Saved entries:
= Beginning of Section =

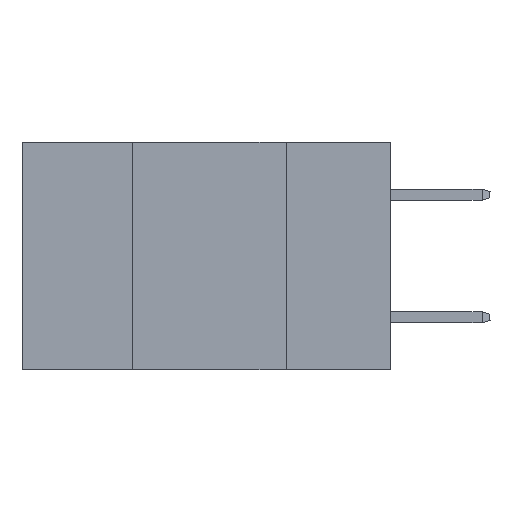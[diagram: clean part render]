
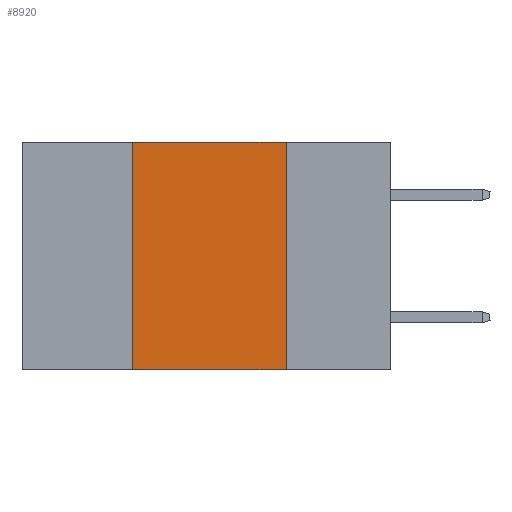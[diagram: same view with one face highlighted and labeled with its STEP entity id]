
A CAD part, left-side view. The second image highlights one B-rep face of the part: STEP entity #8920.
In plain terms, the highlighted planar face has unit normal (-1, 0, 0).
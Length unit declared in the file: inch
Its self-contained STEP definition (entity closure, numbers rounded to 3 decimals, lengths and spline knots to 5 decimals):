
#1327 = EDGE_CURVE ( 'NONE', #38327, #8544, #35454, .T. ) ;
#2462 = CARTESIAN_POINT ( 'NONE',  ( 0., 0.17, -0.37 ) ) ;
#3030 = CARTESIAN_POINT ( 'NONE',  ( 0., 0.42, 0. ) ) ;
#3181 = VERTEX_POINT ( 'NONE', #32475 ) ;
#3959 = EDGE_CURVE ( 'NONE', #8544, #5094, #29434, .T. ) ;
#5094 = VERTEX_POINT ( 'NONE', #2462 ) ;
#5398 = VECTOR ( 'NONE', #6513, 39.37008 ) ;
#6466 = DIRECTION ( 'NONE',  ( 1., 0., 0. ) ) ;
#6513 = DIRECTION ( 'NONE',  ( 0., 0., -1. ) ) ;
#6565 = DIRECTION ( 'NONE',  ( 0., 0., 1. ) ) ;
#7354 = DIRECTION ( 'NONE',  ( 0., -1., 0. ) ) ;
#8544 = VERTEX_POINT ( 'NONE', #11240 ) ;
#8920 = ADVANCED_FACE ( 'NONE', ( #29545 ), #36618, .F. ) ;
#9507 = DIRECTION ( 'NONE',  ( 0., 0., -1. ) ) ;
#11240 = CARTESIAN_POINT ( 'NONE',  ( 0., 0.17, 0. ) ) ;
#15107 = VECTOR ( 'NONE', #33741, 39.37008 ) ;
#15338 = ORIENTED_EDGE ( 'NONE', *, *, #3959, .F. ) ;
#16018 = CARTESIAN_POINT ( 'NONE',  ( 0., 0.42, 0. ) ) ;
#18992 = CARTESIAN_POINT ( 'NONE',  ( 0., 0.6, -0.37 ) ) ;
#24543 = LINE ( 'NONE', #18992, #15107 ) ;
#27505 = ORIENTED_EDGE ( 'NONE', *, *, #34161, .T. ) ;
#29434 = LINE ( 'NONE', #36406, #5398 ) ;
#29545 = FACE_OUTER_BOUND ( 'NONE', #36601, .T. ) ;
#30567 = CARTESIAN_POINT ( 'NONE',  ( 0., 0.6, 0. ) ) ;
#31300 = CARTESIAN_POINT ( 'NONE',  ( 0., 0.6, 0. ) ) ;
#32475 = CARTESIAN_POINT ( 'NONE',  ( 0., 0.42, -0.37 ) ) ;
#33741 = DIRECTION ( 'NONE',  ( 0., -1., 0. ) ) ;
#34161 = EDGE_CURVE ( 'NONE', #3181, #5094, #24543, .T. ) ;
#35302 = EDGE_CURVE ( 'NONE', #3181, #38327, #37636, .T. ) ;
#35454 = LINE ( 'NONE', #31300, #37803 ) ;
#36253 = AXIS2_PLACEMENT_3D ( 'NONE', #30567, #6466, #9507 ) ;
#36406 = CARTESIAN_POINT ( 'NONE',  ( 0., 0.17, 0. ) ) ;
#36601 = EDGE_LOOP ( 'NONE', ( #15338, #36866, #38540, #27505 ) ) ;
#36618 = PLANE ( 'NONE',  #36253 ) ;
#36866 = ORIENTED_EDGE ( 'NONE', *, *, #1327, .F. ) ;
#37185 = VECTOR ( 'NONE', #6565, 39.37008 ) ;
#37636 = LINE ( 'NONE', #3030, #37185 ) ;
#37803 = VECTOR ( 'NONE', #7354, 39.37008 ) ;
#38327 = VERTEX_POINT ( 'NONE', #16018 ) ;
#38540 = ORIENTED_EDGE ( 'NONE', *, *, #35302, .F. ) ;
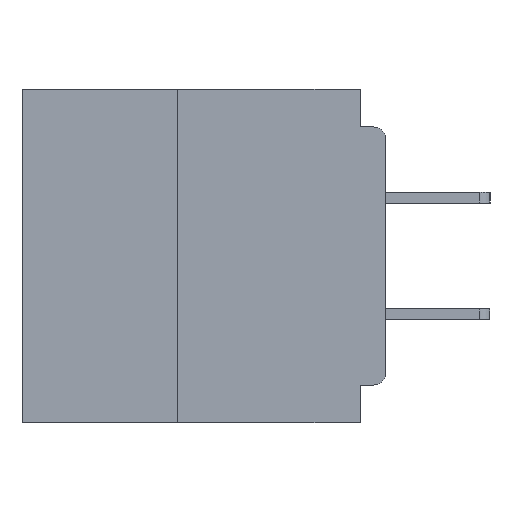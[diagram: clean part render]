
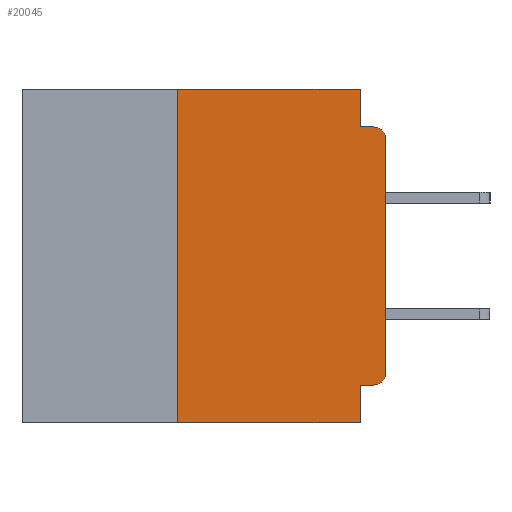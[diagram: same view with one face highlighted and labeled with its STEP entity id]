
A CAD part, left-side view. The second image highlights one B-rep face of the part: STEP entity #20045.
In plain terms, the highlighted planar face has unit normal (-1, 0, 0).
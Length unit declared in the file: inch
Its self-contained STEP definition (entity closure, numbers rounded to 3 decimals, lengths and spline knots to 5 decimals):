
#267 = VECTOR ( 'NONE', #30683, 39.37008 ) ;
#400 = ORIENTED_EDGE ( 'NONE', *, *, #39247, .T. ) ;
#545 = CARTESIAN_POINT ( 'NONE',  ( 0., 0.015, -0.34 ) ) ;
#732 = LINE ( 'NONE', #37317, #39990 ) ;
#983 = CARTESIAN_POINT ( 'NONE',  ( 0., 0.031, -0.4 ) ) ;
#1357 = PLANE ( 'NONE',  #34855 ) ;
#1691 = VERTEX_POINT ( 'NONE', #33692 ) ;
#3288 = EDGE_LOOP ( 'NONE', ( #17803, #19724, #14842, #25351, #39537, #38037, #12615, #13339, #31187, #400 ) ) ;
#3612 = LINE ( 'NONE', #12143, #35585 ) ;
#3710 = DIRECTION ( 'NONE',  ( 0., 0., -1. ) ) ;
#4098 = DIRECTION ( 'NONE',  ( 0., 0., -1. ) ) ;
#4511 = DIRECTION ( 'NONE',  ( 0., 0., -1. ) ) ;
#4926 = DIRECTION ( 'NONE',  ( 0., -1., 0. ) ) ;
#5488 = VECTOR ( 'NONE', #4098, 39.37008 ) ;
#6739 = DIRECTION ( 'NONE',  ( 0., 0., 1. ) ) ;
#7266 = EDGE_CURVE ( 'NONE', #23386, #17721, #23520, .T. ) ;
#7335 = DIRECTION ( 'NONE',  ( 0., 0., -1. ) ) ;
#7744 = CARTESIAN_POINT ( 'NONE',  ( 0., 0.25, -0.4 ) ) ;
#8030 = DIRECTION ( 'NONE',  ( -1., 0., 0. ) ) ;
#8035 = CARTESIAN_POINT ( 'NONE',  ( 0., 0.015, -0.355 ) ) ;
#8052 = VERTEX_POINT ( 'NONE', #19828 ) ;
#9130 = DIRECTION ( 'NONE',  ( 0., 0., 1. ) ) ;
#10322 = CARTESIAN_POINT ( 'NONE',  ( 0., 0.031, -0.045 ) ) ;
#11421 = CARTESIAN_POINT ( 'NONE',  ( 0., 0., -0.34 ) ) ;
#12139 = CIRCLE ( 'NONE', #21808, 0.015 ) ;
#12143 = CARTESIAN_POINT ( 'NONE',  ( 0., 0., 0. ) ) ;
#12255 = VERTEX_POINT ( 'NONE', #8035 ) ;
#12461 = DIRECTION ( 'NONE',  ( 0., -1., 0. ) ) ;
#12615 = ORIENTED_EDGE ( 'NONE', *, *, #7266, .T. ) ;
#13163 = CARTESIAN_POINT ( 'NONE',  ( 0., 0.031, -0.355 ) ) ;
#13339 = ORIENTED_EDGE ( 'NONE', *, *, #36864, .F. ) ;
#13827 = LINE ( 'NONE', #25750, #5488 ) ;
#13837 = CARTESIAN_POINT ( 'NONE',  ( 0., 0.437, 0. ) ) ;
#14142 = EDGE_CURVE ( 'NONE', #14573, #28080, #3612, .T. ) ;
#14573 = VERTEX_POINT ( 'NONE', #11421 ) ;
#14606 = VECTOR ( 'NONE', #12461, 39.37008 ) ;
#14842 = ORIENTED_EDGE ( 'NONE', *, *, #26092, .F. ) ;
#14978 = EDGE_CURVE ( 'NONE', #8052, #31087, #13827, .T. ) ;
#15603 = LINE ( 'NONE', #24781, #14606 ) ;
#16369 = EDGE_CURVE ( 'NONE', #23386, #38494, #31347, .T. ) ;
#16961 = LINE ( 'NONE', #36823, #267 ) ;
#17721 = VERTEX_POINT ( 'NONE', #20213 ) ;
#17803 = ORIENTED_EDGE ( 'NONE', *, *, #14142, .T. ) ;
#18142 = VERTEX_POINT ( 'NONE', #13163 ) ;
#19724 = ORIENTED_EDGE ( 'NONE', *, *, #26473, .T. ) ;
#19828 = CARTESIAN_POINT ( 'NONE',  ( 0., 0.031, 0. ) ) ;
#20045 = ADVANCED_FACE ( 'NONE', ( #32457 ), #1357, .F. ) ;
#20213 = CARTESIAN_POINT ( 'NONE',  ( 0., 0.031, -0.4 ) ) ;
#21808 = AXIS2_PLACEMENT_3D ( 'NONE', #545, #22366, #3710 ) ;
#22031 = EDGE_CURVE ( 'NONE', #12255, #18142, #732, .T. ) ;
#22366 = DIRECTION ( 'NONE',  ( -1., 0., 0. ) ) ;
#23140 = DIRECTION ( 'NONE',  ( 1., 0., 0. ) ) ;
#23386 = VERTEX_POINT ( 'NONE', #7744 ) ;
#23520 = LINE ( 'NONE', #26672, #38905 ) ;
#24114 = VECTOR ( 'NONE', #6739, 39.37008 ) ;
#24232 = CARTESIAN_POINT ( 'NONE',  ( 0., 0., -0.06 ) ) ;
#24781 = CARTESIAN_POINT ( 'NONE',  ( 0., 0.437, 0. ) ) ;
#25351 = ORIENTED_EDGE ( 'NONE', *, *, #14978, .F. ) ;
#25750 = CARTESIAN_POINT ( 'NONE',  ( 0., 0.031, 0. ) ) ;
#26092 = EDGE_CURVE ( 'NONE', #31087, #1691, #16961, .T. ) ;
#26473 = EDGE_CURVE ( 'NONE', #28080, #1691, #34809, .T. ) ;
#26597 = CARTESIAN_POINT ( 'NONE',  ( 0., 0.015, -0.06 ) ) ;
#26672 = CARTESIAN_POINT ( 'NONE',  ( 0., 0.437, -0.4 ) ) ;
#28080 = VERTEX_POINT ( 'NONE', #24232 ) ;
#28375 = VECTOR ( 'NONE', #7335, 39.37008 ) ;
#28443 = CARTESIAN_POINT ( 'NONE',  ( 0., 0.25, -0.4 ) ) ;
#29705 = DIRECTION ( 'NONE',  ( 0., 0., -1. ) ) ;
#30683 = DIRECTION ( 'NONE',  ( 0., -1., 0. ) ) ;
#31087 = VERTEX_POINT ( 'NONE', #10322 ) ;
#31187 = ORIENTED_EDGE ( 'NONE', *, *, #22031, .F. ) ;
#31309 = DIRECTION ( 'NONE',  ( 0., 1., 0. ) ) ;
#31347 = LINE ( 'NONE', #28443, #24114 ) ;
#31537 = EDGE_CURVE ( 'NONE', #38494, #8052, #15603, .T. ) ;
#32457 = FACE_OUTER_BOUND ( 'NONE', #3288, .T. ) ;
#33692 = CARTESIAN_POINT ( 'NONE',  ( 0., 0.015, -0.045 ) ) ;
#34809 = CIRCLE ( 'NONE', #35239, 0.015 ) ;
#34855 = AXIS2_PLACEMENT_3D ( 'NONE', #13837, #23140, #4511 ) ;
#35239 = AXIS2_PLACEMENT_3D ( 'NONE', #26597, #8030, #29705 ) ;
#35585 = VECTOR ( 'NONE', #9130, 39.37008 ) ;
#36499 = LINE ( 'NONE', #983, #28375 ) ;
#36823 = CARTESIAN_POINT ( 'NONE',  ( 0., 0., -0.045 ) ) ;
#36864 = EDGE_CURVE ( 'NONE', #18142, #17721, #36499, .T. ) ;
#36944 = CARTESIAN_POINT ( 'NONE',  ( 0., 0.25, 0. ) ) ;
#37317 = CARTESIAN_POINT ( 'NONE',  ( 0., 0., -0.355 ) ) ;
#38037 = ORIENTED_EDGE ( 'NONE', *, *, #16369, .F. ) ;
#38494 = VERTEX_POINT ( 'NONE', #36944 ) ;
#38905 = VECTOR ( 'NONE', #4926, 39.37008 ) ;
#39247 = EDGE_CURVE ( 'NONE', #12255, #14573, #12139, .T. ) ;
#39537 = ORIENTED_EDGE ( 'NONE', *, *, #31537, .F. ) ;
#39990 = VECTOR ( 'NONE', #31309, 39.37008 ) ;

= End of Section =

▶ [WORK ITEM]
Return a word-for-word copy of the lines above from the one holding "#13163 = CARTESIAN_POINT" through the one holding "#14842 = ORIENTED_EDGE", with both of them included and nothing besides.

▶ [YOUR RESPONSE]
#13163 = CARTESIAN_POINT ( 'NONE',  ( 0., 0.031, -0.355 ) ) ;
#13339 = ORIENTED_EDGE ( 'NONE', *, *, #36864, .F. ) ;
#13827 = LINE ( 'NONE', #25750, #5488 ) ;
#13837 = CARTESIAN_POINT ( 'NONE',  ( 0., 0.437, 0. ) ) ;
#14142 = EDGE_CURVE ( 'NONE', #14573, #28080, #3612, .T. ) ;
#14573 = VERTEX_POINT ( 'NONE', #11421 ) ;
#14606 = VECTOR ( 'NONE', #12461, 39.37008 ) ;
#14842 = ORIENTED_EDGE ( 'NONE', *, *, #26092, .F. ) ;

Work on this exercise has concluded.